The IOC pronounced Russia ready to host the 2014 Winter Games in Sochi, which start Feb. 7.

Russia passed a law this summer outlawing "propaganda of nontraditional sexual relations among minors," a law that may apply to any athlete or visitor attending the Sochi Games.

Jean-Claude Killy, the chairman of the IOC Coordination Commission, said the commission deliberated over several days and concluded that "the IOC doesn't have the right to discuss the laws that are in place in the country hosting the games, so unless the charter is violated we are fully satisfied."
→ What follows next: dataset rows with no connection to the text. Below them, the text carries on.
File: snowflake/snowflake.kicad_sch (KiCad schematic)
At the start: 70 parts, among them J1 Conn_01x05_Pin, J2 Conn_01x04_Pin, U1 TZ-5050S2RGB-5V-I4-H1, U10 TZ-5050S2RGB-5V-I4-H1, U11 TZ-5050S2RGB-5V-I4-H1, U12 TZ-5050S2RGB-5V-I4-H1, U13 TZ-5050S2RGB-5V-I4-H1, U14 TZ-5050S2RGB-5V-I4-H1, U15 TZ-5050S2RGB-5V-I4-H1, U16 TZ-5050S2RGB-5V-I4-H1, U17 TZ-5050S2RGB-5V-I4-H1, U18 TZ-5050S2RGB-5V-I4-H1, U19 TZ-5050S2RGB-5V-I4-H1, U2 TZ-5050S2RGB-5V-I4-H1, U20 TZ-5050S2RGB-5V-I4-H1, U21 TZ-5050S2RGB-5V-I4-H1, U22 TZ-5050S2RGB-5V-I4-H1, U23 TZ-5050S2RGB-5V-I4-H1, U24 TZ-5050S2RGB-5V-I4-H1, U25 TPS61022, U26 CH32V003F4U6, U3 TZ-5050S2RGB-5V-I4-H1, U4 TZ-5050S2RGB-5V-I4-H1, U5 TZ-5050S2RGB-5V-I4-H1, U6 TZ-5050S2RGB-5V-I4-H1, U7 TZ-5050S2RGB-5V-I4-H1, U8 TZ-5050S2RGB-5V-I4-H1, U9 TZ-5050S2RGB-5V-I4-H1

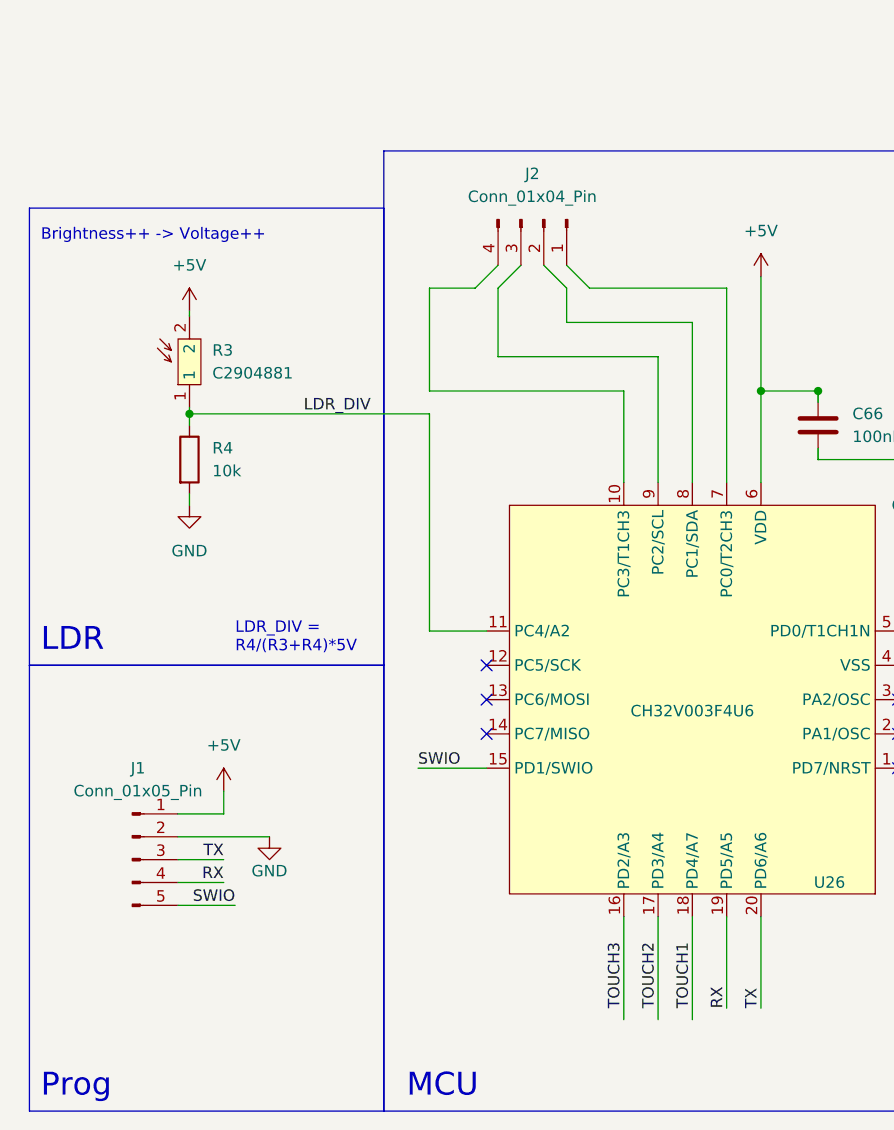
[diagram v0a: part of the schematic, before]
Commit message: Update PCB and customize some footprints
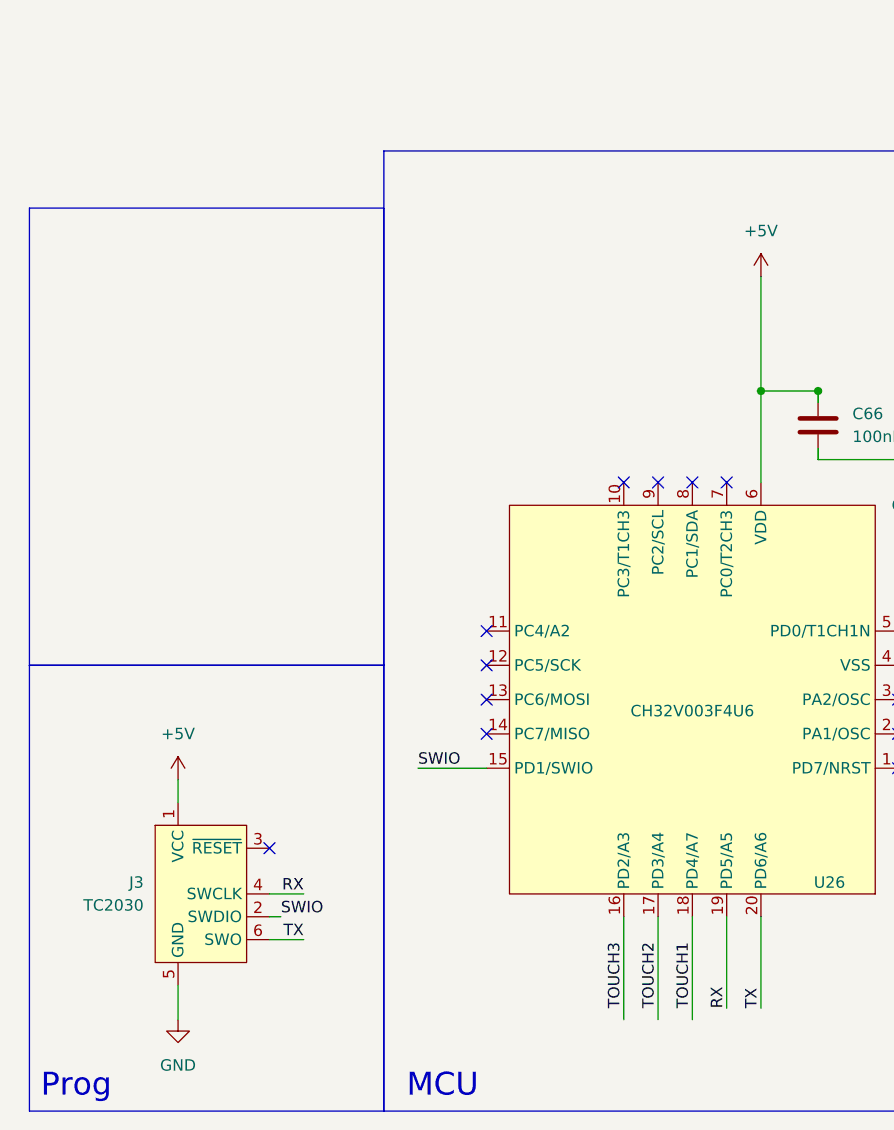
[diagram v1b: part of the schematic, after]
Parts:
- removed J1: Conn_01x05_Pin, Connector_PinHeader_2.54mm:PinHeader_1x05_P2.54mm_Vertical, symbol Connector:Conn_01x05_Pin
- removed J2: Conn_01x04_Pin, Connector_PinHeader_2.54mm:PinHeader_1x04_P2.54mm_Vertical, symbol Connector:Conn_01x04_Pin
- removed R3: C2904881, easyeda2kicad:RES-SMD_L3.6-W2.4, symbol easyeda2kicad:GT36528
- removed R4: 10k, Resistor_SMD:R_0603_1608Metric, symbol Device:R
- added J3: TC2030, Connector:Tag-Connect_TC2030-IDC-NL_2x03_P1.27mm_Vertical, symbol Connector:Conn_ARM_SWD_TagConnect_TC2030-NL
- BAT1: footprint easyeda2kicad:BAT-TH_2P-P14.50_2462 -> snowflake:BAT-TH_2P-P14.50_2462
- C66: footprint Capacitor_SMD:C_0402_1005Metric -> snowflake:C_0402_1005Metric
- TP5, TP6, TP7: footprint TestPoint:TestPoint_Pad_D2.0mm -> snowflake:TestPoint_Pad_D2.0mm
- U25: footprint easyeda2kicad:VQFN-7_L2.0-W2.0-P0.55-TL_RWU -> snowflake:VQFN-7_L2.0-W2.0-P0.55-TL_RWU
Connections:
- net +5V: now also J3.1 (VCC)
- net GND: now also J3.5 (GND)
- net RX: now also J3.4 (SWCLK)
- net SWIO: now also J3.2 (SWDIO)
- net TX: now also J3.6 (SWO)
- net LDR_DIV: no longer names the net of U26.11 (PC4/A2)
- no-connect marks 8 -> 14
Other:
- note removed: "Brightness++ -> Voltage++"
- note removed: "LDR"
- note removed: "LDR_DIV = R4/(R3+R4)*5V"

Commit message: Add graphics to board
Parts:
- added J1: Conn_01x02_Pin, Connector_PinHeader_2.54mm:PinHeader_1x02_P2.54mm_Vertical, symbol Connector:Conn_01x02_Pin
- L1: LCSC Part (none) -> C5179444
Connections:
- net BAT+: now also S1.3; no longer S1.2
- net DIN: now also J1.1 (Pin_1)
- net EN: now also S1.2; no longer S1.1
- net GND: now also S1.1
- net SWIO: now also J3.6 (SWO); no longer J3.2 (SWDIO)
- net TX: now also J3.2 (SWDIO); no longer J3.6 (SWO)
- net Vdd: now reaches R1.2, R2.1
- net Vdd: now also C1.2, C10.2, C11.2, C12.2, C13.2, C14.2, C15.2, C16.2, C17.2, C18.2, C19.2, C2.2, C20.2, C21.2, C22.2, C23.2, C24.2, C25.1, C26.1, C3.2, C4.2, C5.2, C6.2, C66.1, C7.2, C8.2, C9.2, J3.1 (VCC), R5.1, R6.1, R7.1, U1.1 (VDD), U10.1 (VDD), U11.1 (VDD), U12.1 (VDD), U13.1 (VDD), U14.1 (VDD), U15.1 (VDD), U16.1 (VDD), U17.1 (VDD), U18.1 (VDD), U19.1 (VDD), U2.1 (VDD), U20.1 (VDD), U21.1 (VDD), U22.1 (VDD), U23.1 (VDD), U24.1 (VDD), U25.3 (VOUT), U26.6 (VDD), U3.1 (VDD), U4.1 (VDD), U5.1 (VDD), U6.1 (VDD), U7.1 (VDD), U8.1 (VDD), U9.1 (VDD), J1.2 (Pin_2); no longer U25.4 (FB)
- removed net +5V: C1.2, C10.2, C11.2, C12.2, C13.2, C14.2, C15.2, C16.2, C17.2, C18.2, C19.2, C2.2, C20.2, C21.2, C22.2, C23.2, C24.2, C25.1, C26.1, C3.2, C4.2, C5.2, C6.2, C66.1, C7.2, C8.2, C9.2, J3.1 (VCC), R0.2, R5.1, R6.1, R7.1, U1.1 (VDD), U10.1 (VDD), U11.1 (VDD), U12.1 (VDD), U13.1 (VDD), U14.1 (VDD), U15.1 (VDD), U16.1 (VDD), U17.1 (VDD), U18.1 (VDD), U19.1 (VDD), U2.1 (VDD), U20.1 (VDD), U21.1 (VDD), U22.1 (VDD), U23.1 (VDD), U24.1 (VDD), U25.3 (VOUT), U26.6 (VDD), U3.1 (VDD), U4.1 (VDD), U5.1 (VDD), U6.1 (VDD), U7.1 (VDD), U8.1 (VDD), U9.1 (VDD)
- new net FB: R0.2, U25.4 (FB)
- no-connect marks 14 -> 13
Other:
- note added: "((510k + 220k)/100k + 1) * 0.6 = 4.98v"
- note added: "Batt / Power Switch"
- note removed: "Batt"
- moved on the sheet: C1, C10, C11, C12, C13, C14, C15, C16, C17, C18, C19, C2

"Regarding this law, if people of traditional sexual orientation spread propaganda of non-traditional sex to children, then they will also be held accountable," said Dmitry Kozak, a deputy prime minister in charge of overseeing preparations for the Sochi Olympics. "So there is simply no need to talk about discrimination."

More from the AP:

"If this law doesn't violate the IOC's charter, then the charter is completely meaningless," Human Rights Campaign president Chad Griffin said in a statement. "The safety of millions of LGBT (Lesbian, Gay, Bisexual, and Transgender) Russians and international travelers is at risk, and by all accounts the IOC has completely neglected its responsibility to Olympic athletes, sponsors and fans from around the world."